# SS Sun Vista



## isleofthanet (Jun 13, 2004)

Hi,

Does anyone know the reason for the engine room fire which eventually sank the Sun Vista in the Malacca Straits in 1999

Regards

Isleofthanet(POP)


----------



## Rennie Cameron (May 25, 2005)

*Sun Vista*

I have a copy of the report of the investigation as I worked in Singapore at the time. She was just pout of drydock at the time if I recall. Let me know and I will try and copy but it is a fairly big do***ent. I will have to pull it out the files. Rennie


----------



## 12548 (Mar 23, 2007)

You may have allready read these,but just in case i am sending the sites hope it assists.
joller6


DATE OF INCIDENT 21.05.1999 
FIRE BRIGADE n/a 
BRIGADE INVOLVED No 
VESSLE NAME SUN VISTA 
FLAG Bahamas 
TYPE OF VESSLE Cruiseship 
TONNAGE 30440gt 
CARGO CARRIED 400pass./ 600crew 
LOCATION Straits of Malacca 
DETAILS Sun Vista - built in Italy 1963.Purchased by Sun Cruises in 1997. £10million refit.Believed electrical fire in engine room and excessive firefighting water led vessel to sink.
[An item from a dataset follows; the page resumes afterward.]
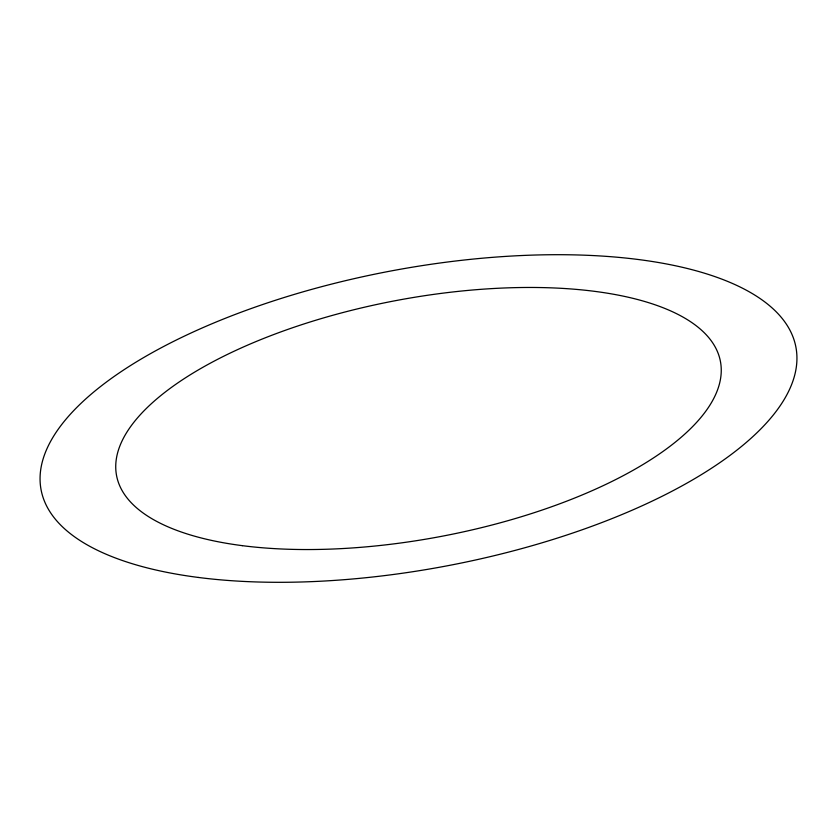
<?xml version="1.0" encoding="UTF-8"?>
<svg xmlns="http://www.w3.org/2000/svg" width="837" height="837" viewBox="0 0 837 837"><rect width="100%" height="100%" fill="white"/><g stroke="black" fill="none" stroke-linecap="round" stroke-linejoin="round"><path stroke-width="1.26" d="M198.317 577.446A384.089 150.074 -10.7 0 0 795.15 373.323A384.089 150.074 -10.7 0 0 262.033 304.731A384.089 150.074 -10.7 0 0 198.317 577.446M242.353 545.661A307.273 120.057 -10.7 0 0 719.82 382.363A307.273 120.057 -10.7 0 0 293.327 327.487A307.273 120.057 -10.7 0 0 242.353 545.661"/></g></svg>

Crew critiscised for panic, delays in evacuation etc. No casualties 


http://www.maritimematters.com/sunvista-seamemory1.html

http://exchange.dnv.com/Do***entation/Maritime/FireSafety/FIRE mappe 2.qxd.pdf


----------



## isleofthanet (Jun 13, 2004)

Hi,

I would very much like to see the files

Cheers

Alan


----------



## isleofthanet (Jun 13, 2004)

Rennie,

I would certainly like to see the files if possible
Thanks

Alan


----------



## isleofthanet (Jun 13, 2004)

*The Sun Vista*

Hi,

Earlier this year before my old pc packed up I asked about the cause of the sinking and someone here had some detailed info on this, is this still available

Regards

Alan


----------



## K urgess (Aug 14, 2006)

I've added your new post to your old thread.
It may be an idea to ask the previous respondees by PM if they have any further information if the two links above are not sufficient.
Unfortunately one of them hasn't signed on since August.
Cheers


----------